■ ACTIVITY
Count how many lines of the data below contain the string "lineweight"; the reply should be that number alone.

■ INPUT MATERIAL
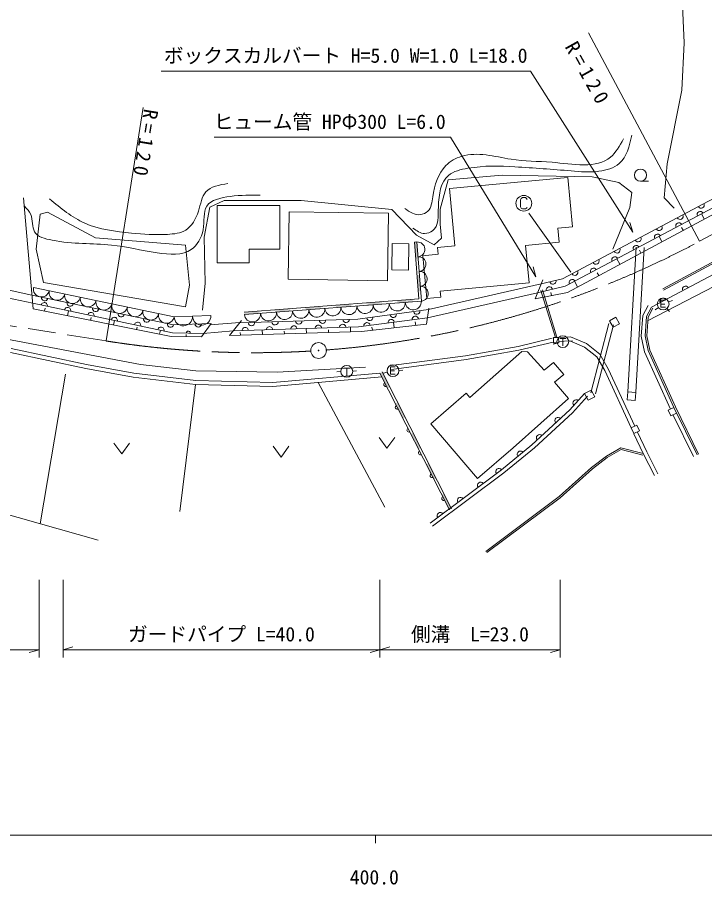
# Model space of a CAD drawing. Units: millimetres, scale not verified. Extents: x 40000 to 680000, y 20000 to 380000.
# Drawn here: x 422492 to 509812, y 198715 to 308853 of the extents above; entities that cross this region are included whole.
import ezdxf
from ezdxf.enums import TextEntityAlignment as Align

# ---------------------------------------------------------------- set-up
doc = ezdxf.new("R2010")
doc.units = ezdxf.units.MM
doc.header["$LTSCALE"] = 1000
doc.linetypes.add('CHAIN', pattern=[18.5, 12, -1.5, 3.5, -1.5])
for name, color, linetype, lineweight in [('M-BGD', 7, 'Continuous', 13), ('M-BMK', 2, 'CHAIN', 13), ('M-BMK-SRVR', 3, 'Continuous', 13), ('M-STR-HTXT', 7, 'Continuous', 13), ('M-STR-STRC', 7, 'Continuous', 13), ('M-TTL-BAND', 7, 'Continuous', 13)]:
    doc.layers.add(name, color=color, linetype=linetype, lineweight=lineweight)
doc.styles.add('ＭＳ ゴシック', font='')
doc.styles.get('ＭＳ ゴシック').set_extended_font_data('MS Gothic')

msp = doc.modelspace()

# ---------------------------------------------------------------- hatches: boundary and pattern name
at = {"layer": 'M-BGD'}
for points in [[(473410, 278239), (473251, 280328), (472952, 280305), (473110, 278217)], [(473726, 274062), (473568, 276151), (473269, 276128), (473427, 274039)], [(459114, 271705), (461058, 271853), (461036, 272152), (459092, 272004)], [(463003, 272000), (464947, 272148), (464924, 272447), (462980, 272299)], [(466891, 272295), (468835, 272443), (468812, 272742), (466868, 272594)], [(470779, 272590), (472723, 272738), (472701, 273037), (470757, 272889)], [(451338, 271115), (453282, 271263), (453259, 271562), (451315, 271414)], [(455226, 271410), (457170, 271558), (457147, 271857), (455203, 271709)], [(468555, 263681), (469536, 261751), (469804, 261886), (468822, 263817)], [(470518, 259820), (471499, 257889), (471767, 258025), (470785, 259956)], [(472481, 255959), (473462, 254028), (473730, 254164), (472748, 256095)], [(474444, 252098), (475426, 250167), (475693, 250303), (474711, 252234)], [(476407, 248236), (477389, 246306), (477656, 246442), (476674, 248372)]]:
    msp.add_hatch(color=256, dxfattribs=at).paths.add_polyline_path(points)

# ---------------------------------------------------------------- linework, layer by layer
for p, q in [((507219, 305607), (506836, 314368)), ((491757, 275648), (550821, 307040)), ((492110, 274704), (551289, 306156)), ((492370, 273928), (551551, 305662)), ((506900, 299596), (507219, 305607)), ((505045, 290267), (506900, 299596)), ((504661, 285918), (505045, 290267)), ((477227, 288220), (484070, 288796)), ((484070, 288796), (495517, 288604)), ((495517, 288604), (498906, 287900)), ((476204, 284511), (477227, 288220)), ((492430, 288525), (477408, 287118)), ((493019, 282241), (492430, 288525)), ((498906, 287900), (500569, 286621)), ((501660, 288051), (502660, 288051)), ((477408, 287118), (478089, 279848)), ((500569, 286621), (500313, 284703)), ((423265, 285935), (424502, 271823)), ((446928, 284767), (448782, 285598)), ((448782, 285598), (458554, 285598)), ((458554, 285598), (470065, 284447)), ((505940, 284639), (504661, 285918)), ((446225, 280930), (446928, 284767)), ((447862, 277678), (447862, 284940)), ((447862, 284940), (455850, 284940)), ((455850, 284940), (455850, 279403)), ((457030, 284168), (456907, 275586)), ((469647, 283987), (457030, 284168)), ((470065, 284447), (473199, 281186)), ((476204, 282593), (476204, 284511)), ((500313, 284703), (498139, 279395)), ((523069, 284409), (504482, 274383)), ((523164, 284233), (504577, 274207)), ((425377, 283872), (424866, 279395)), ((425377, 283872), (426336, 284127)), ((432412, 280866), (426336, 284127)), ((469524, 275404), (469647, 283987)), ((509750, 283247), (509401, 283893)), ((476396, 280802), (476204, 282593)), ((493019, 282241), (491156, 282067)), ((491156, 282067), (491323, 280288)), ((507071, 281811), (506890, 282146)), ((443858, 279907), (432412, 280866)), ((446352, 275111), (446225, 280930)), ((473199, 281186), (475437, 279971)), ((504392, 280374), (504032, 281040)), ((444370, 274855), (443858, 279907)), ((470101, 280129), (470056, 276770)), ((472235, 280100), (470101, 280129)), ((472190, 276741), (472235, 280100)), ((473251, 280328), (472952, 280305)), ((473498, 273098), (472952, 280305)), ((473251, 280328), (473820, 272821)), ((473820, 272821), (473251, 280328)), ((475437, 279971), (476396, 280802)), ((478089, 279848), (475883, 279641)), ((491323, 280288), (487066, 279890)), ((487066, 279890), (487509, 275159)), ((424866, 279395), (425825, 275175)), ((451947, 279403), (451947, 277678)), ((451947, 279403), (455850, 279403)), ((475966, 278759), (473992, 278574)), ((475883, 279641), (475966, 278759)), ((500071, 261291), (501129, 279682)), ((501069, 261234), (502127, 279625)), ((501713, 278938), (501529, 279278)), ((451947, 277678), (447862, 277678)), ((473992, 278574), (474502, 273131)), ((499034, 277501), (498664, 278187)), ((470056, 276770), (472190, 276741)), ((503056, 272030), (511698, 276631)), ((456907, 275586), (469524, 275404)), ((489264, 275523), (488261, 273116)), ((489056, 275025), (491757, 275648)), ((496355, 276065), (496169, 276410)), ((502534, 270309), (512472, 275444)), ((421077, 274273), (424348, 273586)), ((424553, 274565), (442424, 270807)), ((425825, 275175), (443858, 272105)), ((443858, 272105), (444370, 274855)), ((446033, 271657), (446352, 275111)), ((474731, 271763), (489056, 275023)), ((476212, 274101), (487509, 275159)), ((488583, 273890), (492110, 274704)), ((493676, 274628), (493295, 275334)), ((420434, 273387), (424439, 272545)), ((424348, 273586), (442338, 269803)), ((476287, 273298), (474502, 273131)), ((474592, 270706), (488584, 273890)), ((476212, 274101), (476287, 273298)), ((488261, 273116), (492370, 273928)), ((490842, 268181), (489017, 274177)), ((491033, 268239), (489209, 274235)), ((490335, 273526), (490277, 273928)), ((424439, 272545), (442223, 268806)), ((451315, 271414), (473498, 273098)), ((473820, 272821), (451338, 271115)), ((451338, 271115), (473820, 272821)), ((501938, 270997), (502622, 272278)), ((504838, 272928), (504238, 272928)), ((504238, 272928), (504238, 272028)), ((504238, 272448), (504748, 272448)), ((505241, 272708), (505710, 272882)), ((424502, 271823), (442026, 268333)), ((425963, 271532), (426042, 271931)), ((428883, 270950), (429009, 271584)), ((442424, 270807), (447083, 270971)), ((465740, 270541), (474727, 271736)), ((474483, 269872), (474750, 271912)), ((501761, 268367), (501938, 270997)), ((503056, 272030), (502429, 270856)), ((503233, 271936), (502626, 270800)), ((503939, 271996), (503540, 271695)), ((504238, 272028), (504838, 272028)), ((505010, 271866), (505326, 271478)), ((431804, 270369), (431876, 270730)), ((434724, 269787), (434838, 270358)), ((442338, 269803), (447118, 269972)), ((445881, 268267), (447118, 269972)), ((446989, 269794), (450762, 270094)), ((450964, 270340), (449426, 268467)), ((450726, 270050), (465740, 270541)), ((465822, 269543), (474593, 270709)), ((466213, 268969), (474483, 269872)), ((470348, 269420), (470270, 270135)), ((473104, 269721), (473053, 270189)), ((495344, 261179), (497654, 269974)), ((497715, 270302), (498519, 270759)), ((498174, 269494), (497715, 270302)), ((498978, 269951), (498174, 269494)), ((498519, 270759), (498978, 269951)), ((502429, 270856), (502264, 268401)), ((502626, 270800), (502466, 268415)), ((437645, 269206), (437709, 269530)), ((440566, 268624), (440667, 269133)), ((442223, 268806), (446207, 268716)), ((446082, 268719), (449899, 269023)), ((449426, 268467), (466213, 268969)), ((449899, 269023), (465822, 269543)), ((450825, 268509), (450815, 268835)), ((453623, 268593), (453606, 269144)), ((456421, 268676), (456410, 269012)), ((459218, 268760), (459202, 269327)), ((462016, 268843), (462006, 269188)), ((464814, 268927), (464797, 269509)), ((467592, 269119), (467549, 269509)), ((495925, 261026), (498235, 269821)), ((418428, 268511), (438138, 264751)), ((442026, 268333), (445881, 268267)), ((443953, 268300), (443958, 268580)), ((486107, 267062), (490458, 268095)), ((491253, 268216), (490616, 268204)), ((490616, 268204), (490629, 267519)), ((491249, 268178), (492789, 268275)), ((491266, 267531), (491253, 268216)), ((491280, 267679), (492703, 267768)), ((491402, 268091), (492182, 268091)), ((491792, 268091), (491792, 267131)), ((492540, 267727), (493039, 267764)), ((492703, 267768), (494545, 266990)), ((492789, 268275), (494803, 267424)), ((502165, 266392), (501761, 268367)), ((502264, 268401), (502644, 266547)), ((502466, 268415), (502835, 266609)), ((421718, 266787), (431275, 264748)), ((479449, 265879), (486107, 267062)), ((479525, 265384), (486208, 266572)), ((486208, 266572), (490573, 267609)), ((491065, 267487), (490580, 267364)), ((490629, 267519), (491266, 267531)), ((494545, 266990), (496128, 265737)), ((494803, 267424), (496515, 266068)), ((502644, 266547), (505908, 259305)), ((502835, 266609), (506089, 259391)), ((421633, 266294), (431178, 264258)), ((469972, 264625), (479449, 265879)), ((486595, 266413), (479995, 260576)), ((487298, 266383), (486595, 266413)), ((489403, 264028), (487298, 266383)), ((496128, 265737), (497116, 263988)), ((496515, 266068), (497561, 264217)), ((505452, 259100), (502165, 266392)), ((431275, 264748), (437283, 263656)), ((438138, 264751), (445173, 263946)), ((455485, 263785), (466709, 264429)), ((470506, 264458), (469906, 264458)), ((469906, 264458), (469906, 263558)), ((470037, 264129), (479525, 265384)), ((490592, 265033), (489403, 264028)), ((491931, 263501), (490592, 265033)), ((425389, 244544), (428619, 263543)), ((431178, 264258), (437208, 263161)), ((437283, 263656), (445154, 262721)), ((445173, 263946), (455485, 263785)), ((454931, 262487), (468555, 263681)), ((463594, 263859), (463095, 263836)), ((463954, 264314), (464734, 264314)), ((464344, 264314), (464344, 263354)), ((465093, 263930), (465592, 263953)), ((477389, 246306), (468555, 263681)), ((468555, 263681), (477389, 246306)), ((468822, 263817), (477656, 246442)), ((469480, 263790), (468996, 263664)), ((469906, 263978), (470416, 263978)), ((469906, 263558), (470506, 263558)), ((470955, 264015), (471455, 264040)), ((491931, 263501), (490754, 262508)), ((497116, 263988), (500489, 256731)), ((497561, 264217), (500942, 256941)), ((437208, 263161), (445118, 262222)), ((445118, 262222), (443117, 246106)), ((445118, 262222), (454947, 261987)), ((445154, 262721), (454931, 262487)), ((454947, 261987), (468799, 263201)), ((469182, 246638), (460718, 262492)), ((490754, 262508), (492535, 260433)), ((475004, 257243), (479526, 261123)), ((479526, 261123), (479995, 260576)), ((494558, 261071), (492664, 258997)), ((494558, 261071), (495410, 261524)), ((495006, 260228), (494558, 261071)), ((495410, 261524), (495858, 260681)), ((499977, 260290), (500067, 261307)), ((500067, 261307), (501073, 261218)), ((501073, 261218), (500983, 260201)), ((492535, 260433), (485475, 254189)), ((494927, 260734), (493019, 258644)), ((495858, 260681), (495006, 260228)), ((500983, 260201), (499977, 260290)), ((492664, 258997), (487873, 254584)), ((505193, 258971), (505908, 259305)), ((505533, 258243), (505193, 258971)), ((505908, 259305), (506248, 258576)), ((505908, 259305), (508855, 253302)), ((506089, 259391), (509035, 253390)), ((493019, 258644), (488201, 254207)), ((506248, 258576), (505533, 258243)), ((508407, 253081), (505800, 258355)), ((480954, 250310), (475004, 257243)), ((501204, 257049), (500489, 256731)), ((500489, 256731), (500807, 256016)), ((501522, 256334), (501204, 257049)), ((500807, 256016), (501522, 256334)), ((500830, 255964), (502008, 253459)), ((501283, 256177), (502457, 253679)), ((434746, 254784), (435746, 253424)), ((435746, 253424), (436746, 254784)), ((468446, 255513), (469446, 254153)), ((469446, 254153), (470446, 255513)), ((487873, 254584), (483989, 251397)), ((454999, 254379), (455999, 253019)), ((455999, 253019), (456999, 254379)), ((485475, 254189), (480954, 250310)), ((488201, 254207), (484298, 251003)), ((499155, 254169), (497321, 253143)), ((499184, 253956), (497432, 252976)), ((502008, 253459), (499155, 254169)), ((501960, 253265), (499184, 253956)), ((502008, 253459), (503434, 250677)), ((502457, 253679), (503879, 250905)), ((497321, 253143), (495420, 251675)), ((497432, 252976), (495543, 251516)), ((483989, 251397), (474939, 244620)), ((495420, 251675), (491315, 247989)), ((495554, 251526), (491442, 247834)), ((484298, 251003), (475239, 244220)), ((491315, 247989), (482030, 241039)), ((491442, 247834), (482150, 240879)), ((432774, 242441), (416167, 247170))]:
    msp.add_line(p, q, dxfattribs=at)
for centre, radius in [((501660, 288811), 760), ((504538, 272448), 750), ((491792, 267671), 750), ((464344, 263894), 750), ((470206, 263978), 750)]:
    msp.add_circle(centre, radius, dxfattribs=at)
for centre, radius, start, end in [((509254, 283815), 400, 27.98986, 207.98986), ((509368, 285008), 400, 207.98986, 27.98986), ((506693, 283587), 400, 207.98986, 27.98986), ((504019, 282165), 400, 207.98986, 27.98986), ((506542, 282374), 400, 27.98986, 207.98986), ((501345, 280744), 400, 207.98986, 27.98986), ((503830, 280932), 400, 27.98986, 207.98986), ((473322, 279389), 941, 274.33231, 94.33231), ((501118, 279491), 400, 27.98986, 207.98986), ((498670, 279323), 400, 207.98986, 27.98986), ((473465, 277513), 941, 274.33231, 94.33231), ((495996, 277901), 400, 207.98986, 27.98986), ((498406, 278050), 400, 27.98986, 207.98986), ((473607, 275636), 941, 274.33231, 94.33231), ((493321, 276480), 400, 207.98986, 27.98986), ((495694, 276608), 400, 27.98986, 207.98986), ((490532, 275366), 400, 192.99462, 12.99462), ((492982, 275167), 400, 27.98986, 207.98986), ((425546, 274356), 1015, 168.12546, 348.12546), ((473749, 273759), 941, 274.33231, 94.33231), ((490080, 274235), 400, 12.99462, 192.99462), ((507377, 274331), 400, 28.03037, 208.03037), ((425967, 273246), 400, 168.12546, 348.12546), ((427532, 273938), 1014, 168.12546, 348.12546), ((429517, 273521), 1015, 168.12546, 348.12546), ((431503, 273103), 1015, 168.12546, 348.12546), ((504497, 272797), 400, 28.03037, 208.03037), ((425921, 272233), 400, 348.12546, 168.12546), ((429206, 272565), 400, 168.12546, 348.12546), ((433489, 272686), 1015, 168.12546, 348.12546), ((435474, 272268), 1014, 168.12546, 348.12546), ((437460, 271851), 1015, 168.12546, 348.12546), ((462579, 271968), 1025, 184.33959, 4.33959), ((464623, 272123), 1025, 184.33959, 4.33959), ((466667, 272278), 1025, 184.33959, 4.33959), ((468710, 272433), 1025, 184.33959, 4.33959), ((470754, 272588), 1025, 184.33959, 4.33959), ((472798, 272744), 1025, 184.33959, 4.33959), ((428885, 271610), 400, 348.12546, 168.12546), ((431849, 270987), 400, 348.12546, 168.12546), ((432444, 271884), 400, 168.12546, 348.12546), ((435683, 271203), 400, 168.12546, 348.12546), ((439446, 271433), 1015, 168.12546, 348.12546), ((441431, 271016), 1015, 168.12546, 348.12546), ((445918, 270930), 1165, 182.02119, 2.02119), ((452360, 271193), 1025, 184.33959, 4.33959), ((454403, 271348), 1025, 184.33959, 4.33959), ((456447, 271503), 1025, 184.33959, 4.33959), ((458491, 271658), 1025, 184.33959, 4.33959), ((460535, 271813), 1025, 184.33959, 4.33959), ((470250, 271141), 400, 187.57615, 7.57615), ((473235, 271538), 400, 187.57615, 7.57615), ((434813, 270364), 400, 348.12546, 168.12546), ((437777, 269741), 400, 348.12546, 168.12546), ((438922, 270522), 400, 168.12546, 348.12546), ((441946, 269886), 400, 168.12546, 348.12546), ((443589, 270848), 1165, 182.02119, 2.02119), ((445464, 269914), 400, 182.02119, 2.02119), ((452231, 270099), 400, 181.8719, 1.8719), ((455240, 270198), 400, 181.8719, 1.8719), ((458249, 270296), 400, 181.8719, 1.8719), ((461259, 270394), 400, 181.8719, 1.8719), ((463830, 269478), 400, 1.8719, 181.8719), ((464268, 270493), 400, 181.8719, 1.8719), ((466917, 269689), 400, 7.57615, 187.57615), ((467265, 270744), 400, 187.57615, 7.57615), ((469987, 270097), 400, 7.57615, 187.57615), ((473057, 270505), 400, 7.57615, 187.57615), ((440741, 269117), 400, 348.12546, 168.12546), ((444215, 268761), 250, 358.71267, 178.71267), ((451447, 269073), 400, 1.8719, 181.8719), ((454542, 269174), 400, 1.8719, 181.8719), ((457638, 269275), 400, 1.8719, 181.8719), ((460734, 269377), 400, 1.8719, 181.8719), ((469291, 262233), 250, 116.95029, 296.95029), ((493477, 259887), 400, 47.602, 227.602), ((470763, 259337), 250, 116.95029, 296.95029), ((491192, 257641), 400, 42.64915, 222.64915), ((472235, 256441), 250, 116.95029, 296.95029), ((488833, 255469), 400, 42.64915, 222.64915), ((473708, 253546), 250, 116.95029, 296.95029), ((486404, 253378), 400, 39.37549, 219.37549), ((483669, 251157), 400, 36.82374, 216.82374), ((475180, 250650), 250, 116.95029, 296.95029), ((481356, 249425), 400, 36.82374, 216.82374), ((476652, 247754), 250, 116.95029, 296.95029), ((478789, 247503), 400, 36.82374, 216.82374), ((476222, 245581), 400, 36.82374, 216.82374)]:
    msp.add_arc(centre, radius, start, end, dxfattribs=at)
for points, knots in [([(471731, 284558), (472356, 284143), (472981, 283728), (473668, 283798), (474027, 283834), (474403, 284003), (474655, 284254), (475094, 284688), (475161, 285366), (475263, 286039), (475503, 287610), (475918, 289040), (476934, 290027), (477463, 290580), (478197, 290979), (478947, 291204), (480959, 291824), (483107, 291184), (485214, 290824), (486958, 290561), (488583, 290601), (490418, 290445), (493045, 290221), (496100, 289592), (497862, 291090), (498530, 291659), (499013, 292533), (499495, 293407)], [0, 0, 0, 0, 1, 1, 1, 2, 2, 2, 3, 3, 3, 4, 4, 4, 5, 5, 5, 6, 6, 6, 7, 7, 7, 8, 8, 8, 9, 9, 9, 9]), ([(472756, 282089), (473228, 281748), (473700, 281407), (474238, 281405), (474582, 281404), (474954, 281542), (475225, 281747), (476039, 282362), (475953, 283584), (475985, 284785), (476033, 286429), (476273, 287951), (477276, 288773), (477878, 289314), (478827, 289537), (479745, 289685), (481815, 290039), (483747, 290003), (485708, 289875), (488111, 289709), (490440, 289583), (492848, 289343), (494015, 289236), (495174, 289141), (496381, 289305), (497325, 289434), (498298, 289721), (498963, 290293), (499913, 291109), (500236, 292505), (500559, 293901)], [0, 0, 0, 0, 1, 1, 1, 2, 2, 2, 3, 3, 3, 4, 4, 4, 5, 5, 5, 6, 6, 6, 7, 7, 7, 8, 8, 8, 9, 9, 9, 10, 10, 10, 10]), ([(426593, 285788), (428008, 284616), (429423, 283444), (431053, 282717), (432884, 281901), (434986, 281646), (437001, 281457), (438512, 281315), (439974, 281211), (441558, 281295), (442388, 281343), (443245, 281432), (443885, 281845), (444675, 282329), (445184, 283246), (445501, 284236), (445789, 285138), (445918, 286100), (446438, 286693), (447034, 287371), (448142, 287565), (449250, 287759)], [0, 0, 0, 0, 1, 1, 1, 2, 2, 2, 3, 3, 3, 4, 4, 4, 5, 5, 5, 6, 6, 6, 7, 7, 7, 7]), ([(423393, 284883), (423713, 284555), (424032, 284226), (424201, 283816), (424486, 283127), (424346, 282207), (424686, 281618), (425059, 280972), (426011, 280727), (426916, 280552), (429590, 279982), (431992, 280245), (434447, 279905), (436376, 279753), (438160, 279253), (440265, 278936), (441809, 278721), (443497, 278568), (444596, 279388), (445358, 279911), (445894, 280843), (446083, 281877), (446279, 282959), (446078, 284141), (446568, 284883), (447085, 285666), (448374, 285957), (449541, 286111), (450926, 286294), (452141, 286283), (453355, 286273)], [0, 0, 0, 0, 1, 1, 1, 2, 2, 2, 3, 3, 3, 4, 4, 4, 5, 5, 5, 6, 6, 6, 7, 7, 7, 8, 8, 8, 9, 9, 9, 10, 10, 10, 10])]:
    msp.add_open_spline(points, degree=3, knots=knots, dxfattribs=at)
at = {"layer": 'M-BMK'}
for p, q in [((509173, 280415), (552630, 303624)), ((410532, 271458), (433779, 267758))]:
    msp.add_line(p, q, dxfattribs=at)
for start, end in [(274.33037, 298.10474), (260.95549, 273.42905)]:
    msp.add_arc((452643, 386266), 120000, start, end, dxfattribs=at)
at = {"layer": 'M-BMK-SRVR'}
for radius in [1000, 40]:
    msp.add_circle((460765, 266541), radius, dxfattribs=at)
at = {"layer": 'M-STR-HTXT'}
for p, q in [((509173, 280415), (495040, 306878)), ((487668, 302034), (440771, 302034)), ((500683, 281577), (487668, 302034)), ((433779, 267758), (438495, 297385)), ((477523, 293651), (447487, 293651)), ((488363, 275921), (477523, 293651)), ((500307, 282819), (500683, 281577)), ((488009, 277170), (488363, 275921)), ((425265, 227554), (425265, 237435)), ((428310, 237435), (428310, 227554)), ((468555, 227554), (468555, 237435)), ((491458, 227554), (491458, 237435)), ((371332, 228554), (425265, 228554)), ((425265, 228554), (424015, 228204)), ((428310, 228554), (429560, 228904)), ((428310, 228554), (468555, 228554)), ((468555, 228554), (467305, 228204)), ((468555, 228554), (469805, 228904)), ((468555, 228554), (491458, 228554)), ((491458, 228554), (490208, 228204))]:
    msp.add_line(p, q, dxfattribs=at)
at = {"layer": 'M-STR-STRC'}
for p, q in [((486517, 285841), (486397, 285681)), ((486397, 285681), (486397, 284801)), ((486677, 285961), (486517, 285841)), ((487037, 285961), (486677, 285961)), ((487197, 285841), (487037, 285961)), ((487277, 285721), (487197, 285841)), ((486397, 284801), (486517, 284641)), ((486517, 284641), (486677, 284521)), ((486677, 284521), (487037, 284521)), ((487037, 284521), (487197, 284601)), ((487197, 284601), (487277, 284721)), ((492817, 276513), (487486, 283991))]:
    msp.add_line(p, q, dxfattribs=at)
msp.add_circle((486837, 285241), 1000, dxfattribs=at)
at = {"layer": 'M-TTL-BAND'}
for p, q in [((40000, 205000), (579000, 205000)), ((468000, 205000), (468000, 204000))]:
    msp.add_line(p, q, dxfattribs=at)

# ---------------------------------------------------------------- texts
at = {"layer": 'M-STR-HTXT', "style": 'ＭＳ ゴシック'}
for s, p in [('ボックスカルバート H=5.0 W=1.0 L=18.0', (441112, 302534)), ('ヒューム管 HPΦ300 L=6.0', (447445, 294131)), ('ガードパイプ L=40.0', (436557, 229054)), ('側溝\u3000L=23.0', (472506, 229054))]:
    msp.add_text(s, height=1833, dxfattribs=at).set_placement(p, align=Align.BOTTOM_LEFT)
at = {"layer": 'M-STR-HTXT', "char_height": 1833, "attachment_point": 7, "style": 'ＭＳ ゴシック'}
for insert, rotation in [((491973, 305119), 299.1), ((438575, 297317), 260.6)]:
    msp.add_mtext('\\T1.46;R=120', dxfattribs=dict(at, insert=insert, rotation=rotation))
at = {"layer": 'M-TTL-BAND', "style": 'ＭＳ ゴシック'}
msp.add_text('400.0', height=1833, dxfattribs=at).set_placement((467844, 198195), align=Align.BOTTOM_CENTER)

doc.saveas('drawing.dxf')

■ EXERCISE ANSWER
2